DİYANET İşleri Başkanlığı tarafından hazırlanan ve bugün İstanbul’daki camilerde okunan Cuma hutbesinde "İslam’a ve onun peygamberine karşı organize bir şekilde çok çirkin bir karalama kampanyası yürütülmektedir" denildi. Hutbede, İslam dininin hak ve adalet anlayışı ve Hz. Muhammed’in çağlar üstü örnekliğini güzel bir dil hikmetli bir üslupla anlatılamadığı, buna öncelik verilmesi gerektiği ifade edilirken, “Yeni bir medeniyet yolculuğunda İslam’ın ilerleyişine engel olmak isteyenlere asla fırsat verilmemesi” istendi.
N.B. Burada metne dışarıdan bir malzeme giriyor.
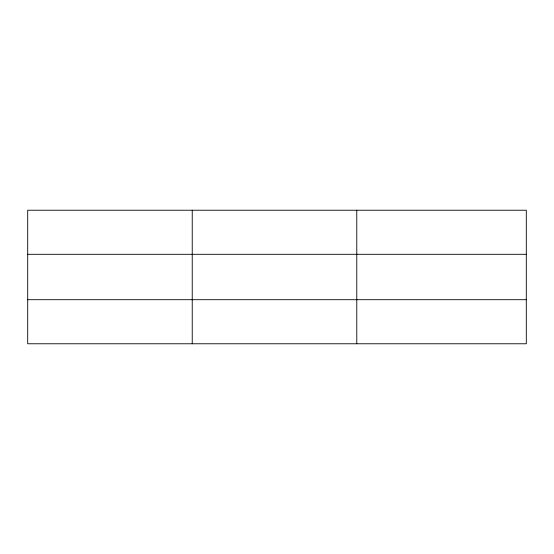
<?xml version="1.0" encoding="UTF-8"?>
<svg xmlns="http://www.w3.org/2000/svg" width="554" height="554" viewBox="0 0 554 554"><rect width="100%" height="100%" fill="white"/><g stroke="black" fill="none" stroke-linecap="round" stroke-linejoin="round"><path stroke-width="0.83" d="M192.238 210.229L192.238 343.771M356.776 210.229L356.776 343.771M526.3 254.3L526.3 210.229L27.7 210.229L27.7 343.771L526.3 343.771L526.3 254.3L27.7 254.3M27.7 299.7L526.3 299.7"/></g></svg>

Bugün okutulan ‘Allah’ın Son Dini İslam’ başlıklı hutbede, Allah’ın son peygamler olarak Hz. Muhammed aracılığı ile İslam mesajını bütün insanlığa tebliğ ettiği ifade edildi. Bu mesajda insanlardan Allah’ın varlığına ve birliğine iman etme, O’na hiçbir şeyi ortak koşmama ve sadece ona ibadet etmemenin istendiği belirtilirken, zulüm, cehalet ve fitneden uzaklaşılması, fakir, yoksul, muhtaç ve yetimin korunup kollaması, komşusu aç iken tok yatmama konusunda yapılan evrensel çağrının 50 yıl içerisinde Asya’dan Kuzey Afrika’ya, Atlas Okyanusu’ndan Çin Seddi’ne kadar yayıldığı belirtildi.

"ÇİRKİN KARALAMA KAMPANYASI"

Hutbede şöyle denildi:

"İslam’ın bu hızlı yayılışına ve insanların akın akın onu kabul etmesine tahammül edemeyen nice güçler, bu ilerleyişin önüne geçmek ve İslam’ın rahmet yüklü mesajlarının insanların kalplerine yerleşmesini engellemek için her türlü yola başvurdu. Bugün de bazı çevrelerce Din-i Mübin-i İslam ve Müslümanlar terör ve şiddetle özdeşleştirilmek istenmektedir. İnsanların kalplerine İslam korkusu yerleştirmek amacıyla yüce dinimiz İslam’a ve onun peygamberine karşı organize bir şekilde çok çirkin bir karalama kampanyası yürütülmektedir. Amaç açıktır; İslam’ın yayılışına ve gelişmesine engel olmak.

Kardeşlerim! Geçmişte olduğu gibi günümüzde de sürdürülen bütün bu çabaların başarısızlıkla neticeleneceğine inancımız tamdır. Hiç şüphesiz biz biliyor ve iman ediyoruz ki Allah katında geçerli olan yegane din İslam’dır. Yine biliyor ve iman ediyoruz ki kim, İslam’dan başka bir din ararsa, bilsin ki kendisinden böyle bir din asla kabul edilmeyecek ve o, ahirette hüsrana uğrayanlardan olacaktır.”

TANITMA VE DOĞRU TEMSİLDE EKSİKLİKLER


İslam’ın rahmet, merhamet ve şefkat dini olduğu insanı dünya ve ahirette mutlu etmeyi, tüm insanların barış, huzur ve esenlik içerisinde yaşadığı bir dünyayı var etmeyi hedeflediği kaydedilen hutbede, şöyle devam edildi:

"Ancak bugün, İslam’ı ve onun peygamberini tanıtma ve doğru temsil etme konusunda biz Müslümanların eksikleri olduğunu da unutmamalıyız. Üzülerek belirtmek gerekir ki; bizler, İslam’ın hak ve adalet anlayışını, Peygamberimiz (s.a.s)’in çağlar üstü örnekliğini ve üstün ahlâkî vasıflarını insanlık ailesinin tüm fertlerine güzel bir dille, hikmetli bir üslupla yeterince sunamadık. Genç nesillerin duygu ve düşünce dünyalarına yeterince hitap edemedik. Öncelikli vazifemiz, müntesibi olduğumuz yüce dinimizin güzelliğini tüm insanlara anlatmak, çağların dini İslam'ı çağımıza öğretmektir.

Bu ulvi gaye için var gücümüzle çalışmaktır. Hiçbir zaman tefrikaya düşmemektir. Asla fitne bataklığına saplanmamaktır. Fakirlik ve geri kalmışlıktan bir an önce kurtulmaktır. Cehaleti ilim, hikmet ve marifetin aydınlığıyla yok etmektir. Yeni bir medeniyet yolculuğunda İslâm’ın ilerleyişine engel olmak isteyenlere asla fırsat vermemektir.”